DESCRIPTION OF THE TASK → Output the lines of the records below exactly, beginning at their first line and ending at the line with "- removed the REF** at (177.8, 74.6)"; include no pictures.

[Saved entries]
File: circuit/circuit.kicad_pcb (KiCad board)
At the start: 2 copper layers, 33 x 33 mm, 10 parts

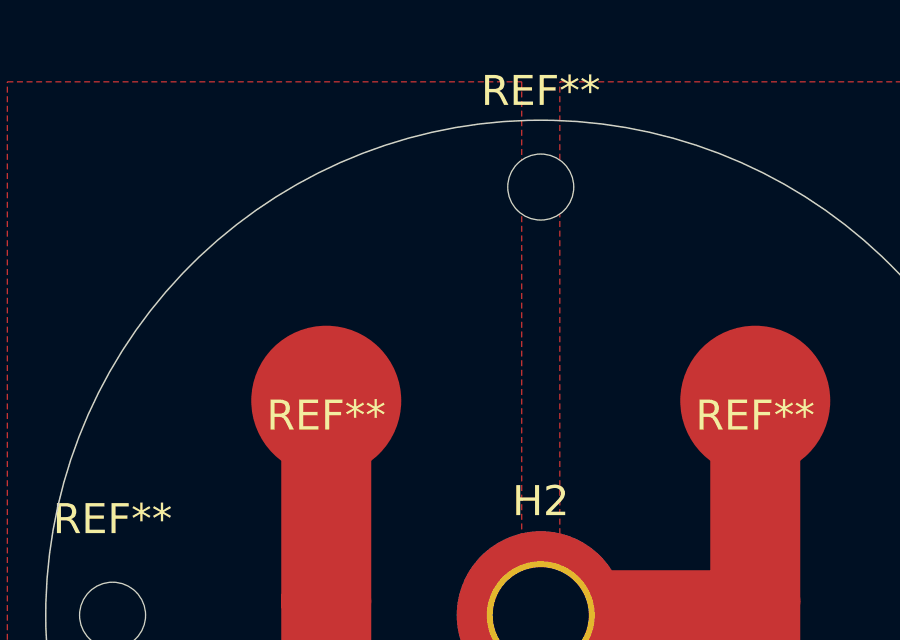
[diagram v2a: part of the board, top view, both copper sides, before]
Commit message: making provisions for 2 wires to go down the sides to increase amperage with the dupont connector option
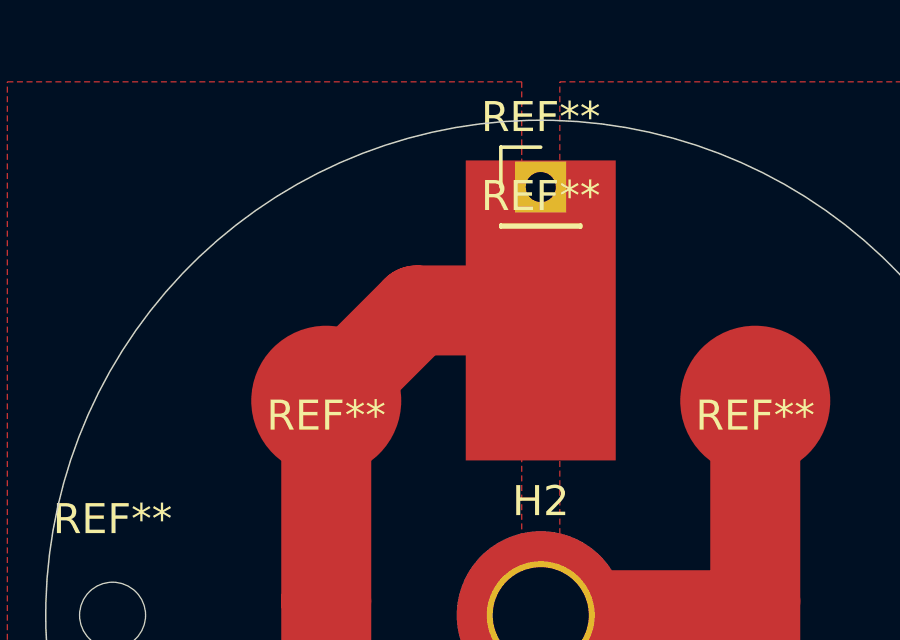
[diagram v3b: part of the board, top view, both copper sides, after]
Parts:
- removed the REF** at (177.8, 74.6)
- added REF**: SolderWirePad_1x01_SMD_5x10mm, Connector_Wire:SolderWirePad_1x01_SMD_5x10mm, F.Cu at (177.8, 78.7)
- added REF**: PinHeader_1x01_P2.54mm_Vertical, Connector_PinHeader_2.54mm:PinHeader_1x01_P2.54mm_Vertical, F.Cu at (177.8, 74.6)
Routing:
- net VSS: track 22.7 -> 31.1 mm
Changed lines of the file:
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@@
     (thickness 1.6)
     (drawings 5)
-    (tracks 8)
+    (tracks 10)
     (zones 0)
-    (modules 10)
+    (modules 11)
     (nets 3)
   )
@@
     (mod_text_size 1 1)
     (mod_text_width 0.15)
-    (pad_size 1.7 1.7)
-    (pad_drill 1)
+    (pad_size 5 10)
+    (pad_drill 0)
     (pad_to_mask_clearance 0)
     (aux_axis_origin 0 0)
@@
     (add_net VSS)
   )
+  (module Connector_Wire:SolderWirePad_1x01_SMD_5x10mm (layer F.Cu)
+    (at 177.8 78.74)
+    (descr "Wire Pad, Square, SMD Pad,  5mm x 10mm,")
+    (tags "MesurementPoint Square SMDPad 5mmx10mm ")
+    (fp_text reference REF** (at 0 -3.81) (layer F.SilkS)
+      (effects (font (size 1 1) (thickness 0.15)))
+    )
+    (fp_text value SolderWirePad_1x01_SMD_5x10mm (at 0 6.35) (layer F.Fab)
+      (effects (font (size 1 1) (thickness 0.15)))
+    )
+    (fp_text user %R (at 0 0) (layer F.Fab)
+      (effects (font (size 1 1) (thickness 0.15)))
+    )
+    (fp_line (start 2.75 -5.25) (end -2.75 -5.25) (layer F.CrtYd) (width 0.05))
+    (fp_line (start 2.75 5.25) (end 2.75 -5.25) (layer F.CrtYd) (width 0.05))
+    (fp_line (start -2.75 5.25) (end 2.75 5.25) (layer F.CrtYd) (width 0.05))
+    (fp_line (start -2.75 -5.25) (end -2.75 5.25) (layer F.CrtYd) (width 0.05))
+    (pad 1 smd rect (at 0 0) (size 5 10) (layers F.Cu F.Paste F.Mask)
+      (net 2 VSS))
+  )
   (module Connector_PinHeader_2.54mm:PinHeader_1x01_P2.54mm_Vertical (layer F.Cu)
-    (at 177.8 100.33)
+    (at 177.8 74.6276)
     (descr "Through hole straight pin header, 1x01, 2.54mm pitch, single row")
     (tags "Through hole pin header THT 1x01 2.54mm single row")
@@
     (fp_line (start 1.8 1.8) (end 1.8 -1.8) (layer F.CrtYd) (width 0.05))
     (fp_line (start 1.8 -1.8) (end -1.8 -1.8) (layer F.CrtYd) (width 0.05))
-    (pad 1 thru_hole rect (at 0 2.8424) (size 1.7 1.7) (drill 1) (layers *.Cu *.Mask)
+    (pad 1 thru_hole rect (at 0 0) (size 1.7 1.7) (drill 1) (layers *.Cu *.Mask)
       (net 2 VSS))
     (model ${KISYS3DMOD}/Connector_PinHeader_2.54mm.3dshapes/PinHeader_1x01_P2.54mm_Vertical.wrl
@@
     )
   )
+  (module Connector_PinHeader_2.54mm:PinHeader_1x01_P2.54mm_Vertical (layer F.Cu)
+    (at 177.8 100.33)
+    (descr "Through hole straight pin header, 1x01, 2.54mm pitch, single row")
+    (tags "Through hole pin header THT 1x01 2.54mm single row")
+    (fp_text reference REF** (at 0 -2.33) (layer F.SilkS)
+      (effects (font (size 1 1) (thickness 0.15)))
+    )
+    (fp_text value PinHeader_1x01_P2.54mm_Vertical (at 0 2.33) (layer F.Fab)
+      (effects (font (size 1 1) (thickness 0.15)))
+    )
+    (fp_line (start 1.8 -1.8) (end -1.8 -1.8) (layer F.CrtYd) (width 0.05))
+    (fp_line (start 1.8 1.8) (end 1.8 -1.8) (layer F.CrtYd) (width 0.05))
+    (fp_line (start -1.8 1.8) (end 1.8 1.8) (layer F.CrtYd) (width 0.05))
+    (fp_line (start -1.8 -1.8) (end -1.8 1.8) (layer F.CrtYd) (width 0.05))
+    (fp_line (start -1.33 -1.33) (end 0 -1.33) (layer F.SilkS) (width 0.12))
+    (fp_line (start -1.33 0) (end -1.33 -1.33) (layer F.SilkS) (width 0.12))
+    (fp_line (start -1.33 1.27) (end 1.33 1.27) (layer F.SilkS) (width 0.12))
+    (fp_line (start 1.33 1.27) (end 1.33 1.33) (layer F.SilkS) (width 0.12))
+    (fp_line (start -1.33 1.27) (end -1.33 1.33) (layer F.SilkS) (width 0.12))
+    (fp_line (start -1.33 1.33) (end 1.33 1.33) (layer F.SilkS) (width 0.12))
+    (fp_line (start -1.27 -0.635) (end -0.635 -1.27) (layer F.Fab) (width 0.1))
+    (fp_line (start -1.27 1.27) (end -1.27 -0.635) (layer F.Fab) (width 0.1))
+    (fp_line (start 1.27 1.27) (end -1.27 1.27) (layer F.Fab) (width 0.1))
+    (fp_line (start 1.27 -1.27) (end 1.27 1.27) (layer F.Fab) (width 0.1))
+    (fp_line (start -0.635 -1.27) (end 1.27 -1.27) (layer F.Fab) (width 0.1))
+    (fp_text user %R (at 0 0 90) (layer F.Fab)
+      (effects (font (size 1 1) (thickness 0.15)))
+    )
+    (pad 1 thru_hole rect (at 0 2.8424) (size 1.7 1.7) (drill 1) (layers *.Cu *.Mask)
+      (net 2 VSS))
+    (model ${KISYS3DMOD}/Connector_PinHeader_2.54mm.3dshapes/PinHeader_1x01_P2.54mm_Vertical.wrl
+      (at (xyz 0 0 0))
+      (scale (xyz 1 1 1))
+      (rotate (xyz 0 0 0))
+    )
+  )
   (module Pad_5mm (layer F.Cu)
     (at 184.95 96.05)
@@
     (pad 1 smd circle (at 0 0) (size 5 5) (layers F.Cu F.Paste F.Mask)
       (net 2 VSS))
-  )
-  (module MountingHole:MountingHole_2.2mm_M2 (layer F.Cu)
-    (at 177.8 74.6276)
-    (descr "Mounting Hole 2.2mm, no annular, M2")
-    (tags "mounting hole 2.2mm no annular m2")
-    (attr virtual)
-    (fp_text reference REF** (at 0 -3.2) (layer F.SilkS)
-      (effects (font (size 1 1) (thickness 0.15)))
-    )
-    (fp_text value MountingHole_2.2mm_M2 (at 0 3.2) (layer F.Fab)
-      (effects (font (size 1 1) (thickness 0.15)))
-    )
-    (fp_circle (center 0 0) (end 2.45 0) (layer F.CrtYd) (width 0.05))
-    (fp_circle (center 0 0) (end 2.2 0) (layer Cmts.User) (width 0.15))
-    (fp_text user %R (at 0.3 0) (layer F.Fab)
-      (effects (font (size 1 1) (thickness 0.15)))
-    )
-    (pad 1 np_thru_hole circle (at 0 0) (size 2.2 2.2) (drill 2.2) (layers *.Cu *.Mask))
   )
   (module Connector_Wire:SolderWirePad_1x01_SMD_5x10mm (layer F.Cu)
@@
       (effects (font (size 1 1) (thickness 0.15)))
     )
+    (fp_line (start 2.75 -5.25) (end -2.75 -5.25) (layer F.CrtYd) (width 0.05))
+    (fp_line (start 2.75 5.25) (end 2.75 -5.25) (layer F.CrtYd) (width 0.05))
+    (fp_line (start -2.75 5.25) (end 2.75 5.25) (layer F.CrtYd) (width 0.05))
     (fp_line (start -2.75 -5.25) (end -2.75 5.25) (layer F.CrtYd) (width 0.05))
-    (fp_line (start -2.75 5.25) (end 2.75 5.25) (layer F.CrtYd) (width 0.05))
-    (fp_line (start 2.75 5.25) (end 2.75 -5.25) (layer F.CrtYd) (width 0.05))
-    (fp_line (start 2.75 -5.25) (end -2.75 -5.25) (layer F.CrtYd) (width 0.05))
     (fp_text user %R (at 0 0) (layer F.Fab)
       (effects (font (size 1 1) (thickness 0.15)))
@@
       (effects (font (size 1 1) (thickness 0.15)))
     )
+    (fp_circle (center 0 0) (end 2.45 0) (layer F.CrtYd) (width 0.05))
     (fp_circle (center 0 0) (end 2.2 0) (layer Cmts.User) (width 0.15))
-    (fp_circle (center 0 0) (end 2.45 0) (layer F.CrtYd) (width 0.05))
     (fp_text user %R (at 2.8424 0) (layer F.Fab)
       (effects (font (size 1 1) (thickness 0.15)))
@@
       (effects (font (size 1 1) (thickness 0.15)))
     )
+    (fp_circle (center 0 0) (end 2.45 0) (layer F.CrtYd) (width 0.05))
     (fp_circle (center 0 0) (end 2.2 0) (layer Cmts.User) (width 0.15))
-    (fp_circle (center 0 0) (end 2.45 0) (layer F.CrtYd) (width 0.05))
     (fp_text user %R (at 0.3 0) (layer F.Fab)
       (effects (font (size 1 1) (thickness 0.15)))
@@
       (effects (font (size 1 1) (thickness 0.15)))
     )
+    (fp_circle (center 0 0) (end 3.05 0) (layer F.CrtYd) (width 0.05))
     (fp_circle (center 0 0) (end 2.8 0) (layer Cmts.User) (width 0.15))
-    (fp_circle (center 0 0) (end 3.05 0) (layer F.CrtYd) (width 0.05))
     (fp_text user %R (at 0.3 0) (layer F.Fab)
       (effects (font (size 1 1) (thickness 0.15)))
@@
   (segment (start 173.66 99.06) (end 170.65 96.05) (width 3) (layer F.Cu) (net 2))
   (segment (start 177.8 99.06) (end 173.66 99.06) (width 3) (layer F.Cu) (net 2))
+  (segment (start 173.66 78.74) (end 170.65 81.75) (width 3) (layer F.Cu) (net 2))
+  (segment (start 177.8 78.74) (end 173.66 78.74) (width 3) (layer F.Cu) (net 2))
   (zone (net 1) (net_name GND) (layer F.Cu) (hatch edge 0.508)
     (priority 1)

SOLUTION FOR THIS EXERCISE →
File: circuit/circuit.kicad_pcb (KiCad board)
At the start: 2 copper layers, 33 x 33 mm, 10 parts

[diagram v2a: part of the board, top view, both copper sides, before]
Commit message: making provisions for 2 wires to go down the sides to increase amperage with the dupont connector option
[diagram v3b: part of the board, top view, both copper sides, after]
Parts:
- removed the REF** at (177.8, 74.6)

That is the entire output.